No me busque. Ya le dije que no puedo decir nada.

¿Va a todos los sitios donde lo llaman?
No. Muchas veces me han ofrecido para hacer de striper en alguna despedida de solteras, o para hacer publicidad de estufas a cuarzo, pero siempre me he negado. La verdad es que soy bastante conservador. Tengo una rutina que suelo respetarla casi a rajatabla. Últimamente, como los años me pesan, vengo un poco tarde, pero eso es muy de ustedes los uruguayos, o sea que calculo que no les molesta demasiado. Yo cumplo con lo mío, que es lo que importa.

Tenemos entendido que todo el año está de gira. Si no está acá, está en otro lado y siempre así. ¿Cuando descansa entonces?
Nunca me tomo todas las vacaciones juntas. Voy mechando. El veranillo de San Juan son unas pequeñas vacaciones que me tomo permito cada año. Es eso y alguna que otra escapada de fin de semana largo, pero como me gusta lo que hago no me quema la cabeza trabajar tanto.

¿Nunca le piden que traiga nieve?
Muy poco.

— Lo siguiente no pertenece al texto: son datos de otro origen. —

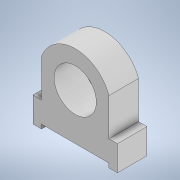
# Autodesk Inventor part: Assignment 2.5 - Guide Silder
Saved by Autodesk Inventor 2022 (Build 260153000, 153)
## iProperties
Created: 2021-05-23
Part Number: Assignment 2.5 - Guide Silder
Material: Generic
Document SubType Name: Modeling
Designer: Aaron
Density: 1 g/cm^3
Appearance: Default
Author: Aaron
Autodesk Inventor part; units mm, degrees
ref_plane "YZ Plane" through (0, 0, 0) normal (1, 0, 0) x (0, 1, 0)
ref_plane "XZ Plane" through (0, 0, 0) normal (0, 1, 0) x (-1, 0, 0)
ref_plane "XY Plane" through (0, 0, 0) normal (0, 0, 1) x (1, 0, 0)
sketch "Sketch1" plane through (0, 0, 0) normal (0, 0, 1) x (1, 0, 0)
  line L0 (0, 0) -> (12.7, 0)
  line L1 (12.7, 0) -> (12.7, 6.35)
  line L2 (12.7, 6.35) -> (114.3, 6.35)
  line L3 (114.3, 6.35) -> (114.3, 0)
  line L4 (114.3, 0) -> (127, 0)
  line L5 (127, 0) -> (127, 38.1)
  line L6 (127, 38.1) -> (114.3, 38.1)
  line L7 (0, 38.1) -> (12.7, 38.1)
  line L8 (0, 0) -> (0, 76.2)
  line L9 (0, 76.2) -> (63.5, 76.2)
  circle A0 centre (63.5, 76.2) radius 31.75
  arc A1 (114.3, 94.439) -> (12.7, 94.439) centre (63.5, 76.2) ccw
  line L10 (12.7, 38.1) -> (12.7, 94.439)
  line L11 (114.3, 38.1) -> (114.3, 94.439)
  dimension "d0" = 12.7
  dimension "d1" = 6.35
  dimension "d2" = 101.6
  dimension "d3" = 6.35
  dimension "d4" = 12.7
  dimension "d5" = 38.1
  dimension "d6" = 12.7
  dimension "d7" = 38.1
  dimension "d8" = 12.7
  dimension "d9" = 76.2
  dimension "d10" = 63.5
  dimension "d11" = 63.5
  dimension "d12" = 107.95
  constraints: 24 end point, 5 perpendicular, 3 vertical, 2 centre point, 2 coincident, 2 point on circle, 1 horizontal, 1 parallel, 1 point on line
  measures "d0" distance of L0.start L0.end
  measures "d1" distance of L0.end L1.end
  measures "d2" distance of L1.end L2.end
  measures "d3" distance of L2.end L3.end
  measures "d4" distance of L3.end L4.end
  measures "d5" distance of L4.end L5.end
  measures "d6" distance of L5.end L6.end
  measures "d7" distance of L0.start L7.start
  measures "d8" distance of L7.start L7.end
  measures "d9" distance of L0.start L8.end
  measures "d10" distance of L8.end L9.end
  measures "d11" diameter of A0
  measures "d12" diameter of A1
extrude "Extrusion1" add sketch "Sketch1" along normal blind 44.45 contours L8 L7 L10 A1 L11 L6 L5 L4 L3 L2 L1 L0
body "Solid1"

Algún que otro gurí chico, pero sin el permiso de los padres no puedo, o sea que nunca me dejan.

¿Le gustaría?
Es complicado traer nieve hasta acá. Lo hice alguna vez como novelería, pero prefiero que no.

¿Qué le diría a quienes no lo quieren mucho?
Que se jodan. No puedo conformar a todos. Ya le dije. Si no quieren que venga más me avisan y no hay ningún problema. Pero después que no los quiero ver llorando por los rincones hablando mal del cambio climático, que inviernos eran los de antes y patatín patatán.

¿Le molestan las críticas?
No. Todos somos libres de opinar. A mí me llaman y vengo. Mientras estén los billetitos no les voy a fallar.

¿Cómo ve su futuro con esto del cambio climático?
He pasado por mucha cosa en mi vida. Épocas mejores y de las otras. De todas formas les sugiero que no se preocupen por mí, preocupense por ustedes que están bastante más en el horno.

¿Cómo se lleva con el resto de las estaciones?
Bien, aunque no nos vemos mucho. Ahora por suerte nos estamos cruzando más que antes, pero generalmente no tenemos tiempo para compartir. Nos manejamos mucho por mensajes de texto.

¿Con cuál se lleva mejor?
Con el otoño, sin ninguna duda. Somos muy compinches. Lo tengo de número amigo en mi celular. Es buena gente, muy humilde. Los otros se la tienen más creída.

¿Hasta cuando lo tendremos por acá?
Depende. Tengo varias ofertar para continuar la gira, pero no tengo confirmada ninguna fecha. Si pagan bien aguanto un cacho más; sino sigo viaje. Por la plata baila el mono, dicen. En este caso yo vengo a ser el mono... y no me preocupa en absoluto.